Unlike many other deals where the PE is able to get its capital out via large dividends and distributions, CI Capital never managed this feat. However, they did charge Ply Gem a boatload of fees, so there were some rewards along the way. Since acquiring the company, CI Capital has received $50 million in fees consisting of $21.5 million in management fees, $15.7 million in acquisition fees, and $12.8 million in debt issuance fees. And, they’ll get another chunk of change from a termination fee if the company goes public. By the way, the banks have extracted $76 million in fees for financing and refinancing Ply Gem on multiple occasions.

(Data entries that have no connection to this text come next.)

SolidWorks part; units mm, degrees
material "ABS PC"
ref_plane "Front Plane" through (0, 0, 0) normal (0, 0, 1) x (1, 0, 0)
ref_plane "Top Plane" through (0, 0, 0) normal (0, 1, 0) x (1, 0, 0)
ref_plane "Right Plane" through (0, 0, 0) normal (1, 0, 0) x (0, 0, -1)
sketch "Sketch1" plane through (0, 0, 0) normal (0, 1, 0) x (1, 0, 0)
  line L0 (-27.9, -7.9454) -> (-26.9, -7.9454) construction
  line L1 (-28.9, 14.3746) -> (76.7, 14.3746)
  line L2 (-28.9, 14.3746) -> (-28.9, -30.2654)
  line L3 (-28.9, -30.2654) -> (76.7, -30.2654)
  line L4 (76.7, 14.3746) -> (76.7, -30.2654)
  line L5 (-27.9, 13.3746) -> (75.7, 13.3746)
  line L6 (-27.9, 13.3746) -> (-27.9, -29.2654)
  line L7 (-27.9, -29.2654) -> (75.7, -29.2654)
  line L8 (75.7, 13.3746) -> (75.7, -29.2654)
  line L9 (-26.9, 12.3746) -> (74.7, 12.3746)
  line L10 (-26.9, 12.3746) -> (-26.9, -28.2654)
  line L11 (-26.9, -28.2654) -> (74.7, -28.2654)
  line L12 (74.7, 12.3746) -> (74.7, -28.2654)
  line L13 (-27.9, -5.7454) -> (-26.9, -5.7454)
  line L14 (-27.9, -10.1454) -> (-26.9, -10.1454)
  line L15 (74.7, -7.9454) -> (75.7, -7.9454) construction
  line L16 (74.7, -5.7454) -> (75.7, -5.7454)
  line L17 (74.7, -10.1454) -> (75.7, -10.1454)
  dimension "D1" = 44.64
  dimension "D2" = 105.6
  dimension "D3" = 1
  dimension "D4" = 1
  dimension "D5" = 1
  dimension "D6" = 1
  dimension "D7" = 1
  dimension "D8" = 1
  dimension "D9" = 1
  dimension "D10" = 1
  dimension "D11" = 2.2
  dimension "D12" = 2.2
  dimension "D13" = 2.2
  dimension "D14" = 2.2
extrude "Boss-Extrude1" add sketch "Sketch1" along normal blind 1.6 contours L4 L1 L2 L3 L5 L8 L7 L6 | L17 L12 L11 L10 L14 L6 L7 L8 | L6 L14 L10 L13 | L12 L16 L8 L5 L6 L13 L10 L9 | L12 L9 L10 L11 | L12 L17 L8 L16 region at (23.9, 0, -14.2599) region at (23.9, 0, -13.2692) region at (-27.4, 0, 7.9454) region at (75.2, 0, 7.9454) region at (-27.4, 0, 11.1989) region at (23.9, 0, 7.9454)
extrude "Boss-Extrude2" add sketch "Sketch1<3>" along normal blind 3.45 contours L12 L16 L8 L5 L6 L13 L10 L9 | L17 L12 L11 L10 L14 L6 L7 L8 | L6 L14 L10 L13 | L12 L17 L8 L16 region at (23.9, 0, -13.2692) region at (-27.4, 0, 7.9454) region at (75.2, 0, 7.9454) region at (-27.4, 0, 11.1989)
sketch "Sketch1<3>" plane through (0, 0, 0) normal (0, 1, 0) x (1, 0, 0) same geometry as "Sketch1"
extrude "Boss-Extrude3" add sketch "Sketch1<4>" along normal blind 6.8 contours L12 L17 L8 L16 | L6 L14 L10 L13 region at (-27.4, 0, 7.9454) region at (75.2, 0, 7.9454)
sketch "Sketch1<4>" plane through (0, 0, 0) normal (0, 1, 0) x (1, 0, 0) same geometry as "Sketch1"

There’s no question that CI Capital has had to work extremely hard to keep Ply Gem afloat. Even if the IPO is successful, it will be some time before they can count their profits. In the end, this deal demonstrates the value of having a lot of the private equity sponsor’s capital tied up in a deal. When things go wrong, there’s nothing better than having a general partner that’s at risk. Conversely, most private equity managers only have a small amount of their own capital at stake, and thus they don’t feel the kind of pain that must have afflicted CI Capital.
 Kelso, another PE firm, bought out Nortek, Ply Gem’s parent company.
 CI Capital claims expertise in building business platforms and integrating acquisitions.
 Revenue increased from $839 million to $1,054 million, but $194 million of the increase was due to the inclusion of the results of Alenco (windows and doors) and AHE (siding).
 Ply Gem, despite being a private company, consistently filed 10-Ks with the SEC because it had registered debt. Those 10-Ks tell the story.
 In October 2006, Ply Gem replaced Lee Meyer as President with Gary Robinette, who had been COO for Stock Building Supply. The rest of the team, including executives from acquired companies, has remained with Ply Gem.
 For example in 2008 the company entered into a retention agreement with Mr. Robinette, who received a $3 million payment in 2011 as part of that agreement. His total compensation in 2011 was $10.2 million, and he signed another retention agreement. Curiously in late 2011, the company repurchased, Mr. Robinette’s stock for $12.4 million and issued him new stock options. None of the other managers had their stock repurchased.